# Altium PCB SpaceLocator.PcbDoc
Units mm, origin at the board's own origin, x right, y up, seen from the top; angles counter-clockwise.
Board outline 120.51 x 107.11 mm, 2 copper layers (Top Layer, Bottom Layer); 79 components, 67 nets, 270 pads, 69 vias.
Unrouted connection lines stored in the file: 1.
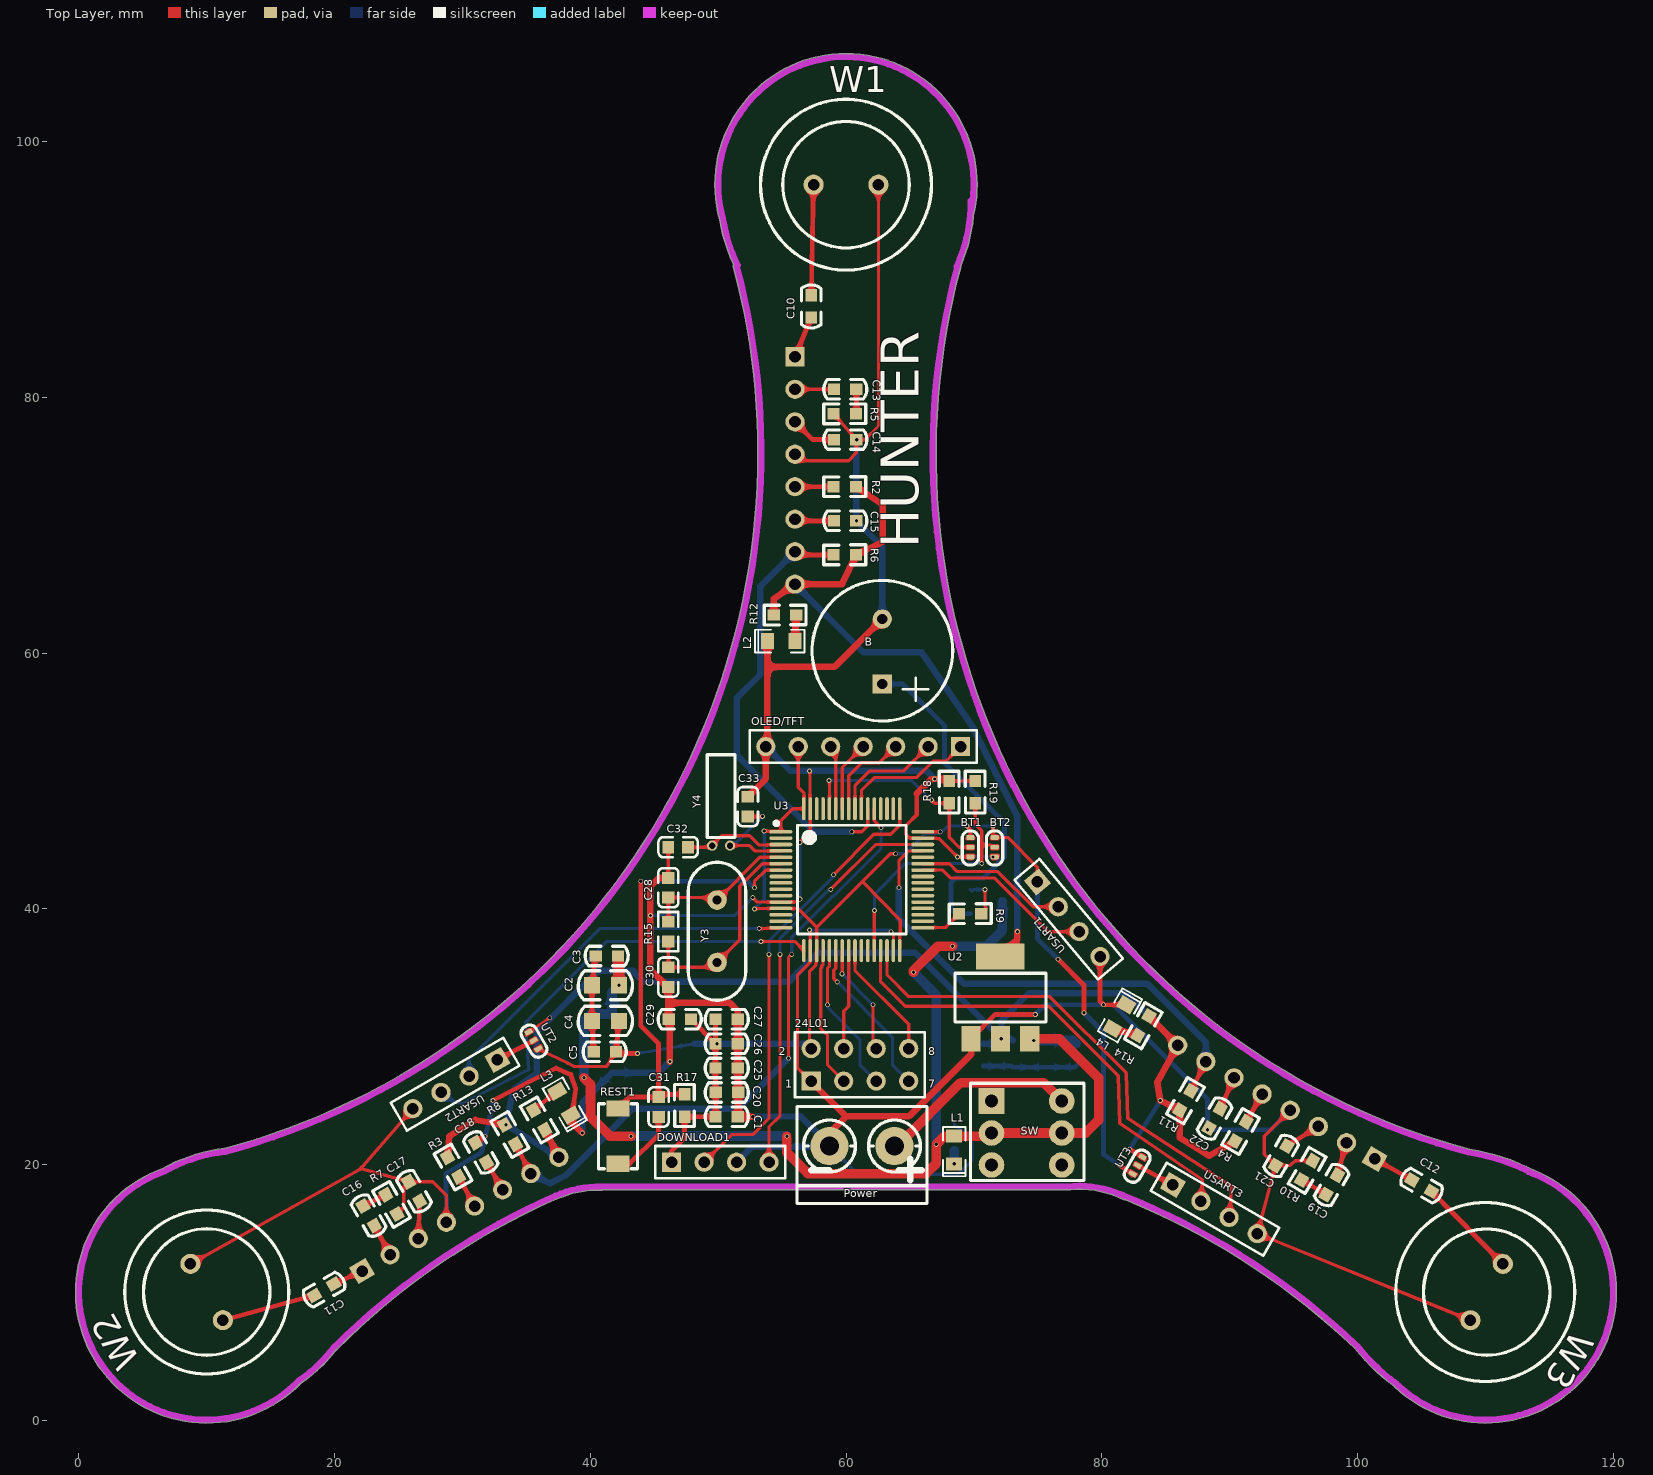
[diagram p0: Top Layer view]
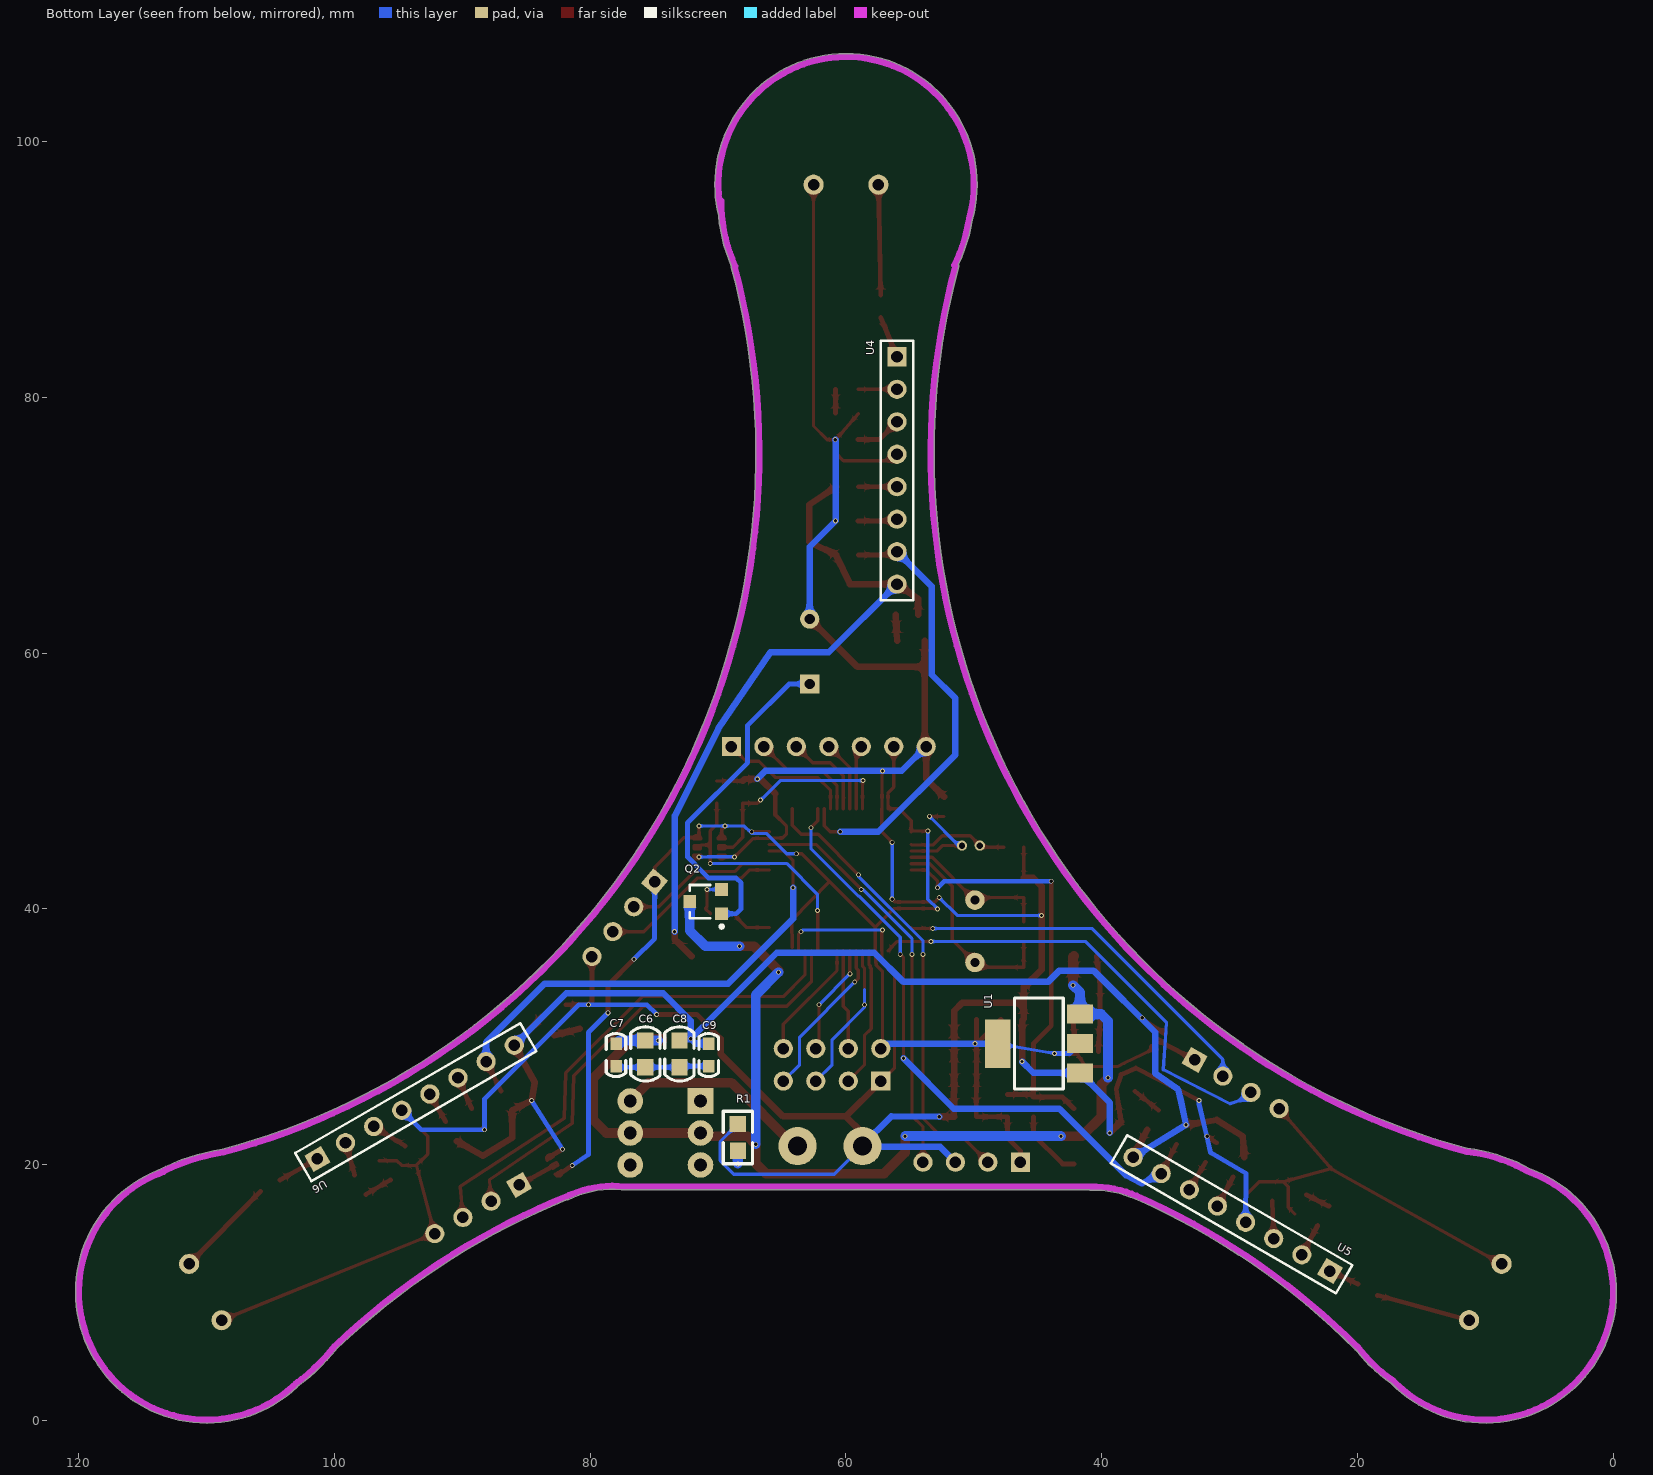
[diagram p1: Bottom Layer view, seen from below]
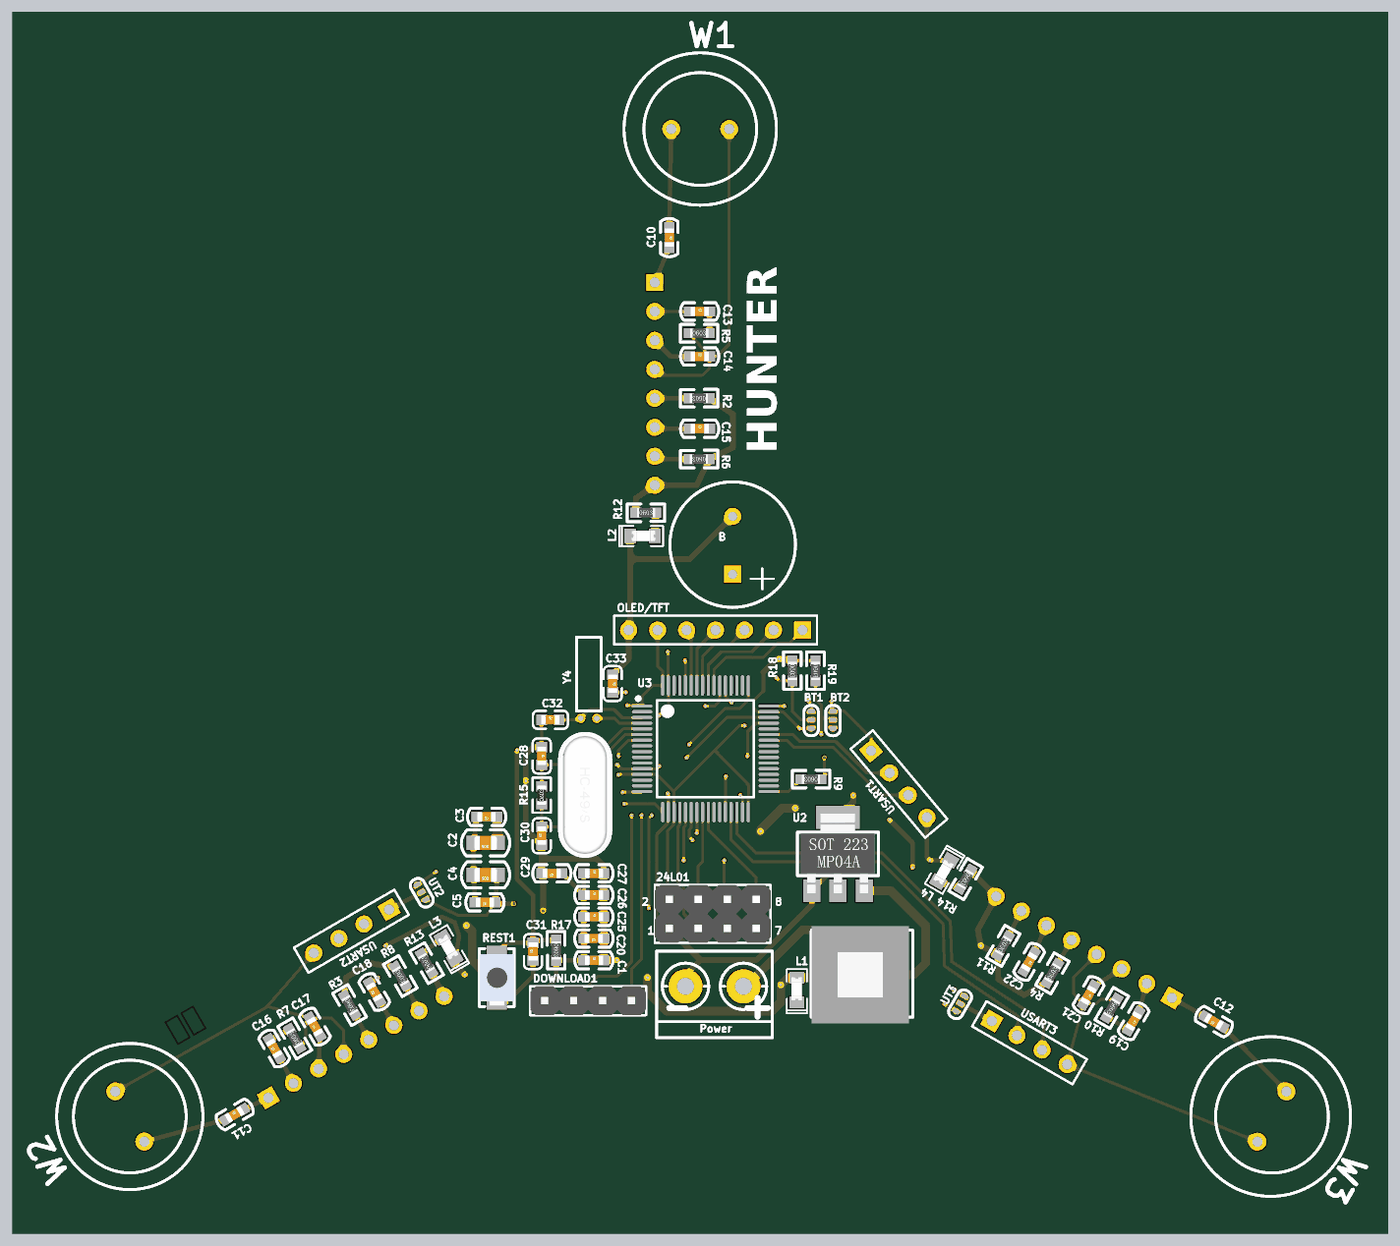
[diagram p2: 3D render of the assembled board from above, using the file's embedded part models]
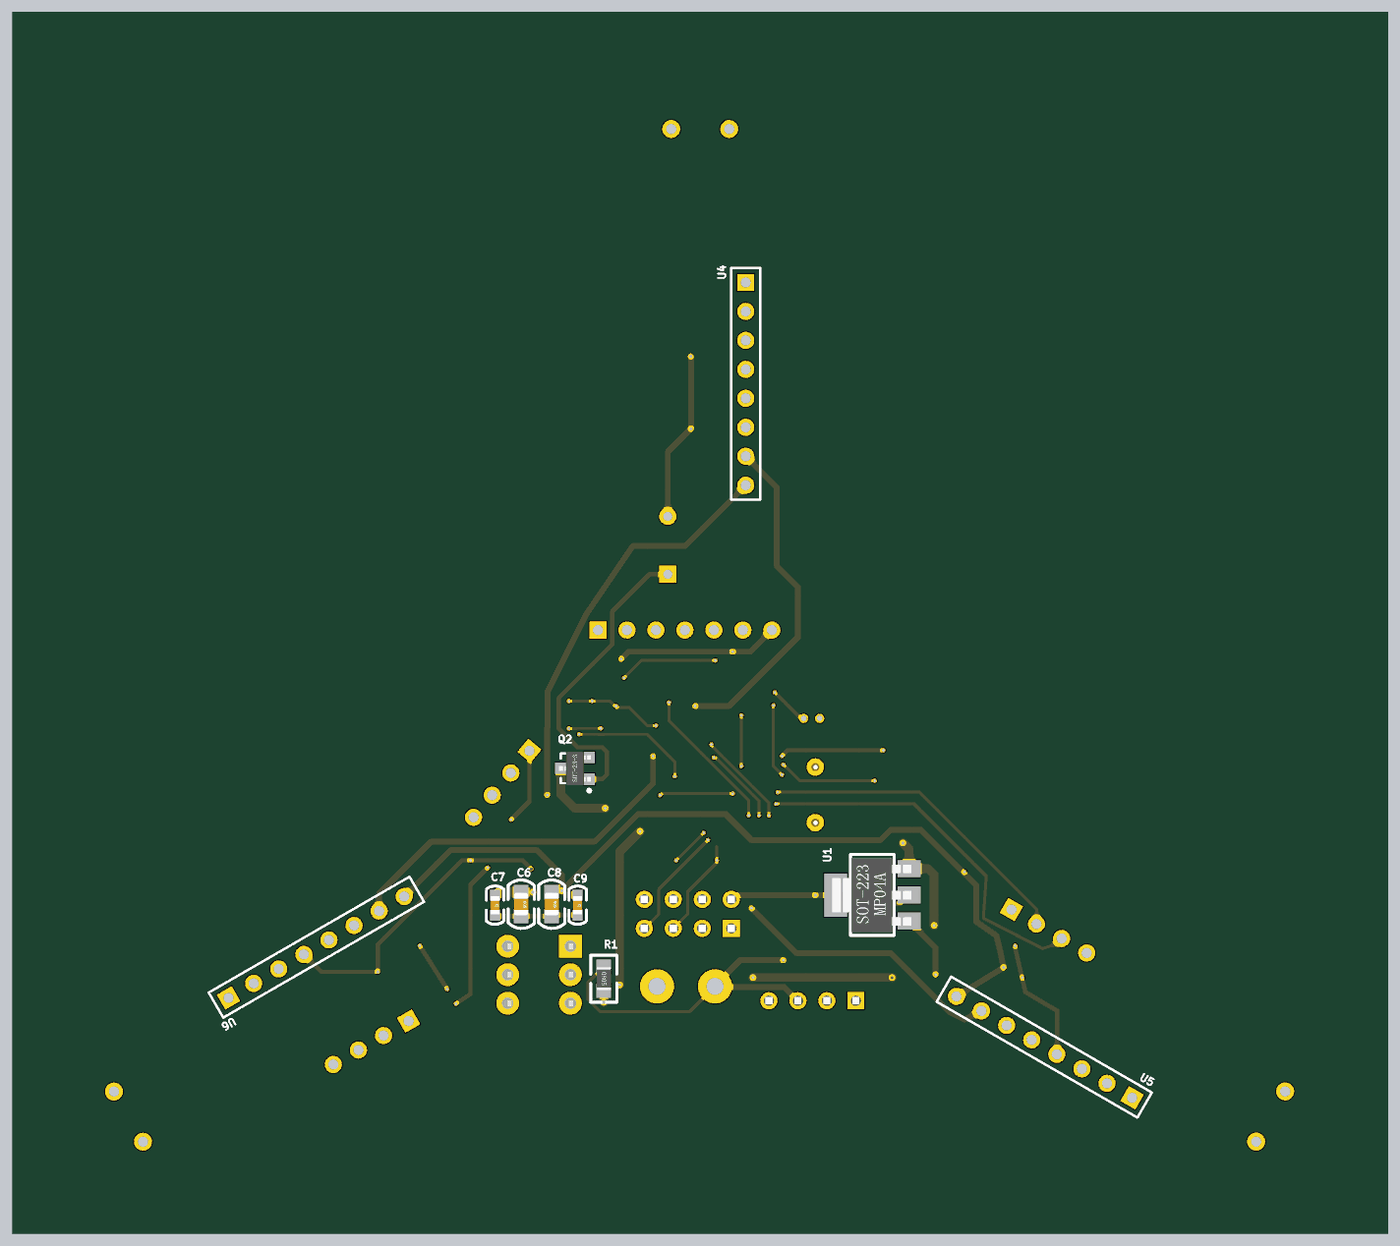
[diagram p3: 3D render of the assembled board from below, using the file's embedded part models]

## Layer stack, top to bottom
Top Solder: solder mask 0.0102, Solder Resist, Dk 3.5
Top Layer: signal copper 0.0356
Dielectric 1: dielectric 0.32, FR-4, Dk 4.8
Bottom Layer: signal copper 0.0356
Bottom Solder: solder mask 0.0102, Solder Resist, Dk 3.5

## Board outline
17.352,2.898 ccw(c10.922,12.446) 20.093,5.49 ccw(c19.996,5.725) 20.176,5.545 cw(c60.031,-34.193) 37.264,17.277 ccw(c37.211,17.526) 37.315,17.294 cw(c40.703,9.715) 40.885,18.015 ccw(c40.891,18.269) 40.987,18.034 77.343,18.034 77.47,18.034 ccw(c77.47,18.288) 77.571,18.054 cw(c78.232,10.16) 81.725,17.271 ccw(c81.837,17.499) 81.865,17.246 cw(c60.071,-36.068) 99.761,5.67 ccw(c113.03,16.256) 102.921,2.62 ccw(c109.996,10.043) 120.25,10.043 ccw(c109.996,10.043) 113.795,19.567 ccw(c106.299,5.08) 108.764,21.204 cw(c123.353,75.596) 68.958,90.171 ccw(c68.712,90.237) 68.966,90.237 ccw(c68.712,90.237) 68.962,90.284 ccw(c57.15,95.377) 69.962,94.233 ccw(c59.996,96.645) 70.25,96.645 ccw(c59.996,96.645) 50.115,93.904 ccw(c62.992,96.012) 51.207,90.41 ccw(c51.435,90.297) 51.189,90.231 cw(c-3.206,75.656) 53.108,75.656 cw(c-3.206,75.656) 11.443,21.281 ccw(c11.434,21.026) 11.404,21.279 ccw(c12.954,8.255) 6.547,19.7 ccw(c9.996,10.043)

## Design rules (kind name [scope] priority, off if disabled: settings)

________

## What you are asked to do
Everything in the records except the pictures should be printed again exactly.

## Result of this exercise
# Altium PCB SpaceLocator.PcbDoc
Units mm, origin at the board's own origin, x right, y up, seen from the top; angles counter-clockwise.
Board outline 120.51 x 107.11 mm, 2 copper layers (Top Layer, Bottom Layer); 79 components, 67 nets, 270 pads, 69 vias.
Unrouted connection lines stored in the file: 1.
[diagram p0: Top Layer view]
[diagram p1: Bottom Layer view, seen from below]
[diagram p2: 3D render of the assembled board from above, using the file's embedded part models]
[diagram p3: 3D render of the assembled board from below, using the file's embedded part models]

## Layer stack, top to bottom
Top Solder: solder mask 0.0102, Solder Resist, Dk 3.5
Top Layer: signal copper 0.0356
Dielectric 1: dielectric 0.32, FR-4, Dk 4.8
Bottom Layer: signal copper 0.0356
Bottom Solder: solder mask 0.0102, Solder Resist, Dk 3.5

## Board outline
17.352,2.898 ccw(c10.922,12.446) 20.093,5.49 ccw(c19.996,5.725) 20.176,5.545 cw(c60.031,-34.193) 37.264,17.277 ccw(c37.211,17.526) 37.315,17.294 cw(c40.703,9.715) 40.885,18.015 ccw(c40.891,18.269) 40.987,18.034 77.343,18.034 77.47,18.034 ccw(c77.47,18.288) 77.571,18.054 cw(c78.232,10.16) 81.725,17.271 ccw(c81.837,17.499) 81.865,17.246 cw(c60.071,-36.068) 99.761,5.67 ccw(c113.03,16.256) 102.921,2.62 ccw(c109.996,10.043) 120.25,10.043 ccw(c109.996,10.043) 113.795,19.567 ccw(c106.299,5.08) 108.764,21.204 cw(c123.353,75.596) 68.958,90.171 ccw(c68.712,90.237) 68.966,90.237 ccw(c68.712,90.237) 68.962,90.284 ccw(c57.15,95.377) 69.962,94.233 ccw(c59.996,96.645) 70.25,96.645 ccw(c59.996,96.645) 50.115,93.904 ccw(c62.992,96.012) 51.207,90.41 ccw(c51.435,90.297) 51.189,90.231 cw(c-3.206,75.656) 53.108,75.656 cw(c-3.206,75.656) 11.443,21.281 ccw(c11.434,21.026) 11.404,21.279 ccw(c12.954,8.255) 6.547,19.7 ccw(c9.996,10.043)

## Design rules (kind name [scope] priority, off if disabled: settings)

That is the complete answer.